## Exercise details
Set down the records exactly as they stand, except for any pictures, which you should omit.

## Data

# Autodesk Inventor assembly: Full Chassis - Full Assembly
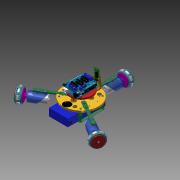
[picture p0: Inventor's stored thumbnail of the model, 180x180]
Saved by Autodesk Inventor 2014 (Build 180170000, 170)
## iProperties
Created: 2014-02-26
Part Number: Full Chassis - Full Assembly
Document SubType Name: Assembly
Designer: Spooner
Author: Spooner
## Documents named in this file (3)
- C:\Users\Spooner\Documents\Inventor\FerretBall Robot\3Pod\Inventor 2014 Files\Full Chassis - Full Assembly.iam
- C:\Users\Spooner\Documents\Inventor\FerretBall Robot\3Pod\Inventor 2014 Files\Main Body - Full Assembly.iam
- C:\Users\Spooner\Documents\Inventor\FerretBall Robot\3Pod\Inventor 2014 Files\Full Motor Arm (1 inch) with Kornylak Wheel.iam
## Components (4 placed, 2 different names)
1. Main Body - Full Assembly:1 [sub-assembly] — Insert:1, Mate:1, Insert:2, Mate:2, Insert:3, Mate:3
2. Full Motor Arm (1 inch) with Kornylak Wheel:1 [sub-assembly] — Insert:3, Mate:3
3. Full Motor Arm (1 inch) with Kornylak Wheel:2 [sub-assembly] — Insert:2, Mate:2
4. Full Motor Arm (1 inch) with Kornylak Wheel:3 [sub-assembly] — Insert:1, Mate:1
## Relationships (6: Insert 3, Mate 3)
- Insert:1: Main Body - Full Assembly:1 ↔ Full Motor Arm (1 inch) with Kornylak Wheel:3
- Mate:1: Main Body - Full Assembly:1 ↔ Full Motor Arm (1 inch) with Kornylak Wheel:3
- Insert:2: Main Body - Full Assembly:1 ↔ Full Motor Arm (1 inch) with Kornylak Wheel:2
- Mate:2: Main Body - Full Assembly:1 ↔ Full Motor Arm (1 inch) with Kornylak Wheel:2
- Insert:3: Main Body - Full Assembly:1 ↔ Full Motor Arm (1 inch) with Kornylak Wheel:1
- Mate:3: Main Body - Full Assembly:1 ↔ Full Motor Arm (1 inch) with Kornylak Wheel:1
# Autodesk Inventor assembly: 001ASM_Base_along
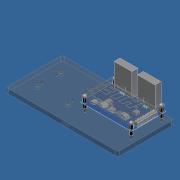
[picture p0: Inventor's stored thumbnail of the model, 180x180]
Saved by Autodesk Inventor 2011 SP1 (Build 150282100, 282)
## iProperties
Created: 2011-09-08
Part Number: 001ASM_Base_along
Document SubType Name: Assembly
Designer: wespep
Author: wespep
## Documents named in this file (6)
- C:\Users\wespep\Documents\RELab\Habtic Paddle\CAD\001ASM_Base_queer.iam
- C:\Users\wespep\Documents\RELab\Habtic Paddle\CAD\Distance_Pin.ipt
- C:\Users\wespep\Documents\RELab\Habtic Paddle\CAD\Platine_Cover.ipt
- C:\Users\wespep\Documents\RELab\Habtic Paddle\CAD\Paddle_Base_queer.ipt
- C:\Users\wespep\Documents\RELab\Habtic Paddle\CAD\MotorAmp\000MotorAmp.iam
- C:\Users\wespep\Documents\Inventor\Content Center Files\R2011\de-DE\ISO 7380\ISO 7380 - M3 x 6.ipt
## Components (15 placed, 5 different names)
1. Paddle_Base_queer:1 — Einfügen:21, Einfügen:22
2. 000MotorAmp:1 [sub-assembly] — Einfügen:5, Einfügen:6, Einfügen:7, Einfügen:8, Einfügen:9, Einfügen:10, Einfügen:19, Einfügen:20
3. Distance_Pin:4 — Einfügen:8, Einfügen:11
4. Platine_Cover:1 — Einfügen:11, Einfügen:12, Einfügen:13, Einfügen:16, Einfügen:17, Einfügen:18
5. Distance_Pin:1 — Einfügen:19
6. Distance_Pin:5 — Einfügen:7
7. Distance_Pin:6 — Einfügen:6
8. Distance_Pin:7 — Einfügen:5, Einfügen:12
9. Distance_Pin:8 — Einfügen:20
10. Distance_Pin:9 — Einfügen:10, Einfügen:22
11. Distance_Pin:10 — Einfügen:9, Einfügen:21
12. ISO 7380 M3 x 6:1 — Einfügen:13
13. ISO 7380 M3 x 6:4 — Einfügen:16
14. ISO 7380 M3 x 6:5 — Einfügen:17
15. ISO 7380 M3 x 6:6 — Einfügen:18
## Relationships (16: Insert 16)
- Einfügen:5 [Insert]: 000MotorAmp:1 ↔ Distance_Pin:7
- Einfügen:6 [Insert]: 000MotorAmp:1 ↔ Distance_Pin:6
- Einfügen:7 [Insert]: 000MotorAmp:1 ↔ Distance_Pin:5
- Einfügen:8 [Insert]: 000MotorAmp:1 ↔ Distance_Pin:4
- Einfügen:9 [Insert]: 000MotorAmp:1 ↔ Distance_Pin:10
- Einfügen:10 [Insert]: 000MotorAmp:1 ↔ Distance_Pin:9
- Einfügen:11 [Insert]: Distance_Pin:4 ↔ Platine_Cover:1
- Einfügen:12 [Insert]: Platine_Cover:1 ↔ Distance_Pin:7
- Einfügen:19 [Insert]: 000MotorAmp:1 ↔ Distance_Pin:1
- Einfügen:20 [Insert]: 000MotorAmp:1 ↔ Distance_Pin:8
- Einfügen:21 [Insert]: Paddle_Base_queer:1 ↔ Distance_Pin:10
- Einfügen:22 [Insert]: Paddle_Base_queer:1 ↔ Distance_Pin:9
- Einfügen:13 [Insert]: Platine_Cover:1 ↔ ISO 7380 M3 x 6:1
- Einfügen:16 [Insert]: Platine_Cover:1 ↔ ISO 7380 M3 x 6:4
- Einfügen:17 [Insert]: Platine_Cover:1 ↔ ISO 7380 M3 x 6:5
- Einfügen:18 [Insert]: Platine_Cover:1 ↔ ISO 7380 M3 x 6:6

## Response area
# Autodesk Inventor assembly: Full Chassis - Full Assembly
[picture p0: Inventor's stored thumbnail of the model, 180x180]
Saved by Autodesk Inventor 2014 (Build 180170000, 170)
## iProperties
Created: 2014-02-26
Part Number: Full Chassis - Full Assembly
Document SubType Name: Assembly
Designer: Spooner
Author: Spooner
## Documents named in this file (3)
- C:\Users\Spooner\Documents\Inventor\FerretBall Robot\3Pod\Inventor 2014 Files\Full Chassis - Full Assembly.iam
- C:\Users\Spooner\Documents\Inventor\FerretBall Robot\3Pod\Inventor 2014 Files\Main Body - Full Assembly.iam
- C:\Users\Spooner\Documents\Inventor\FerretBall Robot\3Pod\Inventor 2014 Files\Full Motor Arm (1 inch) with Kornylak Wheel.iam
## Components (4 placed, 2 different names)
1. Main Body - Full Assembly:1 [sub-assembly] — Insert:1, Mate:1, Insert:2, Mate:2, Insert:3, Mate:3
2. Full Motor Arm (1 inch) with Kornylak Wheel:1 [sub-assembly] — Insert:3, Mate:3
3. Full Motor Arm (1 inch) with Kornylak Wheel:2 [sub-assembly] — Insert:2, Mate:2
4. Full Motor Arm (1 inch) with Kornylak Wheel:3 [sub-assembly] — Insert:1, Mate:1
## Relationships (6: Insert 3, Mate 3)
- Insert:1: Main Body - Full Assembly:1 ↔ Full Motor Arm (1 inch) with Kornylak Wheel:3
- Mate:1: Main Body - Full Assembly:1 ↔ Full Motor Arm (1 inch) with Kornylak Wheel:3
- Insert:2: Main Body - Full Assembly:1 ↔ Full Motor Arm (1 inch) with Kornylak Wheel:2
- Mate:2: Main Body - Full Assembly:1 ↔ Full Motor Arm (1 inch) with Kornylak Wheel:2
- Insert:3: Main Body - Full Assembly:1 ↔ Full Motor Arm (1 inch) with Kornylak Wheel:1
- Mate:3: Main Body - Full Assembly:1 ↔ Full Motor Arm (1 inch) with Kornylak Wheel:1
# Autodesk Inventor assembly: 001ASM_Base_along
[picture p0: Inventor's stored thumbnail of the model, 180x180]
Saved by Autodesk Inventor 2011 SP1 (Build 150282100, 282)
## iProperties
Created: 2011-09-08
Part Number: 001ASM_Base_along
Document SubType Name: Assembly
Designer: wespep
Author: wespep
## Documents named in this file (6)
- C:\Users\wespep\Documents\RELab\Habtic Paddle\CAD\001ASM_Base_queer.iam
- C:\Users\wespep\Documents\RELab\Habtic Paddle\CAD\Distance_Pin.ipt
- C:\Users\wespep\Documents\RELab\Habtic Paddle\CAD\Platine_Cover.ipt
- C:\Users\wespep\Documents\RELab\Habtic Paddle\CAD\Paddle_Base_queer.ipt
- C:\Users\wespep\Documents\RELab\Habtic Paddle\CAD\MotorAmp\000MotorAmp.iam
- C:\Users\wespep\Documents\Inventor\Content Center Files\R2011\de-DE\ISO 7380\ISO 7380 - M3 x 6.ipt
## Components (15 placed, 5 different names)
1. Paddle_Base_queer:1 — Einfügen:21, Einfügen:22
2. 000MotorAmp:1 [sub-assembly] — Einfügen:5, Einfügen:6, Einfügen:7, Einfügen:8, Einfügen:9, Einfügen:10, Einfügen:19, Einfügen:20
3. Distance_Pin:4 — Einfügen:8, Einfügen:11
4. Platine_Cover:1 — Einfügen:11, Einfügen:12, Einfügen:13, Einfügen:16, Einfügen:17, Einfügen:18
5. Distance_Pin:1 — Einfügen:19
6. Distance_Pin:5 — Einfügen:7
7. Distance_Pin:6 — Einfügen:6
8. Distance_Pin:7 — Einfügen:5, Einfügen:12
9. Distance_Pin:8 — Einfügen:20
10. Distance_Pin:9 — Einfügen:10, Einfügen:22
11. Distance_Pin:10 — Einfügen:9, Einfügen:21
12. ISO 7380 M3 x 6:1 — Einfügen:13
13. ISO 7380 M3 x 6:4 — Einfügen:16
14. ISO 7380 M3 x 6:5 — Einfügen:17
15. ISO 7380 M3 x 6:6 — Einfügen:18
## Relationships (16: Insert 16)
- Einfügen:5 [Insert]: 000MotorAmp:1 ↔ Distance_Pin:7
- Einfügen:6 [Insert]: 000MotorAmp:1 ↔ Distance_Pin:6
- Einfügen:7 [Insert]: 000MotorAmp:1 ↔ Distance_Pin:5
- Einfügen:8 [Insert]: 000MotorAmp:1 ↔ Distance_Pin:4
- Einfügen:9 [Insert]: 000MotorAmp:1 ↔ Distance_Pin:10
- Einfügen:10 [Insert]: 000MotorAmp:1 ↔ Distance_Pin:9
- Einfügen:11 [Insert]: Distance_Pin:4 ↔ Platine_Cover:1
- Einfügen:12 [Insert]: Platine_Cover:1 ↔ Distance_Pin:7
- Einfügen:19 [Insert]: 000MotorAmp:1 ↔ Distance_Pin:1
- Einfügen:20 [Insert]: 000MotorAmp:1 ↔ Distance_Pin:8
- Einfügen:21 [Insert]: Paddle_Base_queer:1 ↔ Distance_Pin:10
- Einfügen:22 [Insert]: Paddle_Base_queer:1 ↔ Distance_Pin:9
- Einfügen:13 [Insert]: Platine_Cover:1 ↔ ISO 7380 M3 x 6:1
- Einfügen:16 [Insert]: Platine_Cover:1 ↔ ISO 7380 M3 x 6:4
- Einfügen:17 [Insert]: Platine_Cover:1 ↔ ISO 7380 M3 x 6:5
- Einfügen:18 [Insert]: Platine_Cover:1 ↔ ISO 7380 M3 x 6:6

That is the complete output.